WORK INSTRUCTIONS:
What lines in the entries below contain the word "blind"? Copy all of them.
····················
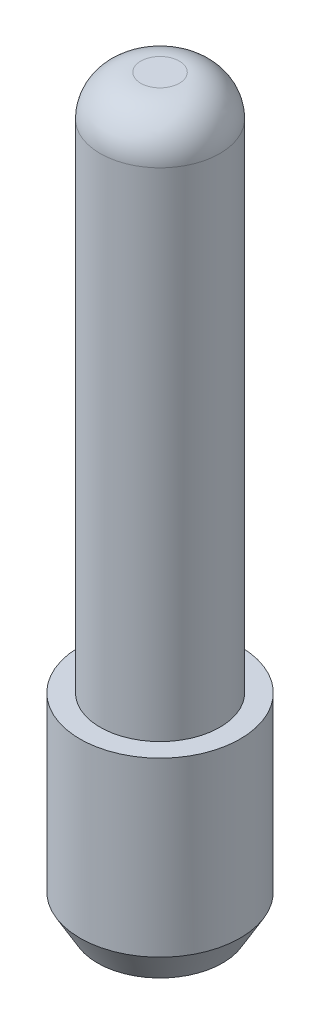
SolidWorks part; units mm, degrees
material "PVC Rigid"
ref_plane "Front Plane" through (0, 0, 0) normal (0, 0, 1) x (1, 0, 0)
ref_plane "Top Plane" through (0, 0, 0) normal (0, 1, 0) x (1, 0, 0)
ref_plane "Right Plane" through (0, 0, 0) normal (1, 0, 0) x (0, 0, -1)
sketch "Sketch4" plane through (0, 0, 0) normal (0, 0, 1) x (1, 0, 0)
  line L0 (0, 0) -> (0, 628.1483) construction
  line L1 (0, 0) -> (3.95, 0)
  line L2 (3.95, 0) -> (3.95, 10)
  line L3 (3.95, 10) -> (2.95, 10)
  line L4 (2.95, 10) -> (2.95, 36.5)
  line L5 (2.95, 36.5) -> (0, 36.5)
  line L6 (0, 0) -> (0, 36.5)
  dimension "D1" = 3.95
  dimension "D2" = 2.95
  dimension "D3" = 36.5
  dimension "D4" = 10
revolve "Revolve1" add sketch "Sketch4" angle 360 about L0
fillet "Fillet1" radius 2 1 edges at (0, 36.5, -2.95)
chamfer "Chamfer2" distance 1.5 angle 30 1 edges at (0, 0, -3.95)
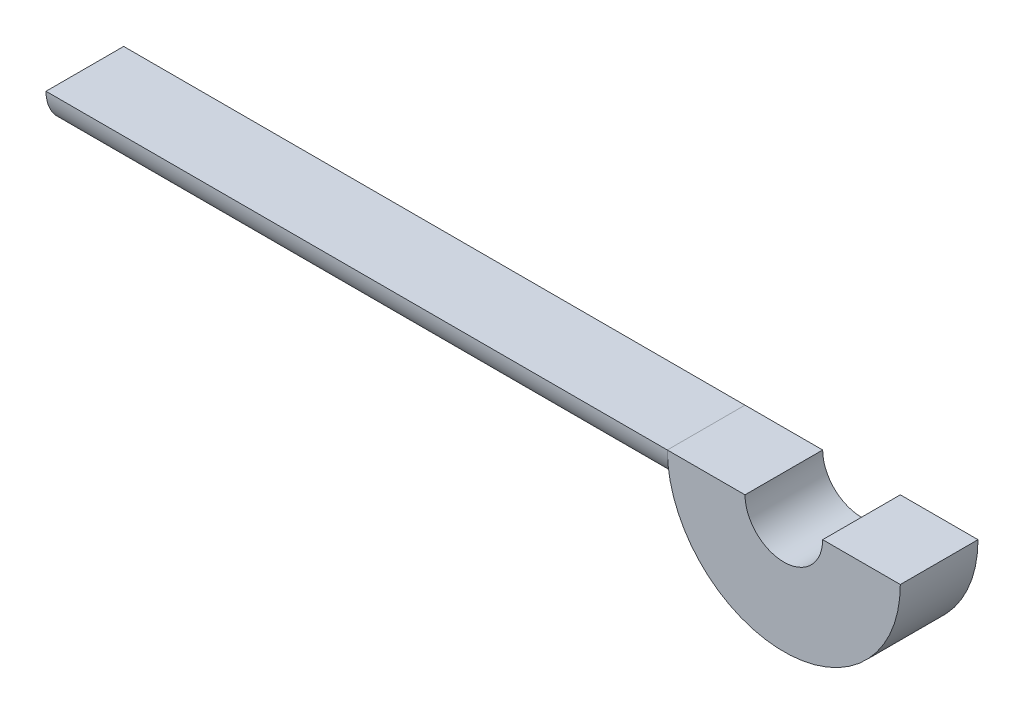
SolidWorks part; units mm, degrees
ref_plane "Front Plane" through (0, 0, 0) normal (0, 0, 1) x (1, 0, 0)
ref_plane "Top Plane" through (0, 0, 0) normal (0, 1, 0) x (1, 0, 0)
ref_plane "Right Plane" through (0, 0, 0) normal (1, 0, 0) x (0, 0, -1)
sketch "Sketch2" plane through (0, 0, 0) normal (0, 0, 1) x (1, 0, 0)
  line L0 (-9.525, 0) -> (-3.175, 0)
  line L1 (3.175, 0) -> (9.525, 0)
  arc A0 (-3.175, 0) -> (3.175, 0) centre (0, 0) ccw
  arc A1 (-9.525, 0) -> (9.525, 0) centre (0, 0) ccw
  circle A2 centre (0, 0) radius 9.525 construction
  circle A3 centre (0, 0) radius 3.175 construction
  dimension "D1" = 6.35
  dimension "D2" = 6.35
extrude "Boss-Extrude1" add sketch "Sketch2" along normal blind 6.35
ref_plane "Plane1" through (-9.525, 0, 0) normal (-1, 0, 0) x (0, 0, 1)
sketch "Sketch3" plane through (-9.525, 0, 0) normal (-1, 0, 0) x (0, 0, 1)
  line L10 (6.35, 0) -> (0, 0) construction
  line L11 (0, 0) -> (6.35, 0)
  arc A0 (0, 0) -> (6.35, 0) centre (3.175, 0) ccw
extrude "Boss-Extrude2" add sketch "Sketch3" along normal blind 50.8 and the other way up to next separate body contours A0 L11
····················
TASK RESULT:
extrude "Boss-Extrude1" add sketch "Sketch2" along normal blind 6.35
extrude "Boss-Extrude2" add sketch "Sketch3" along normal blind 50.8 and the other way up to next separate body contours A0 L11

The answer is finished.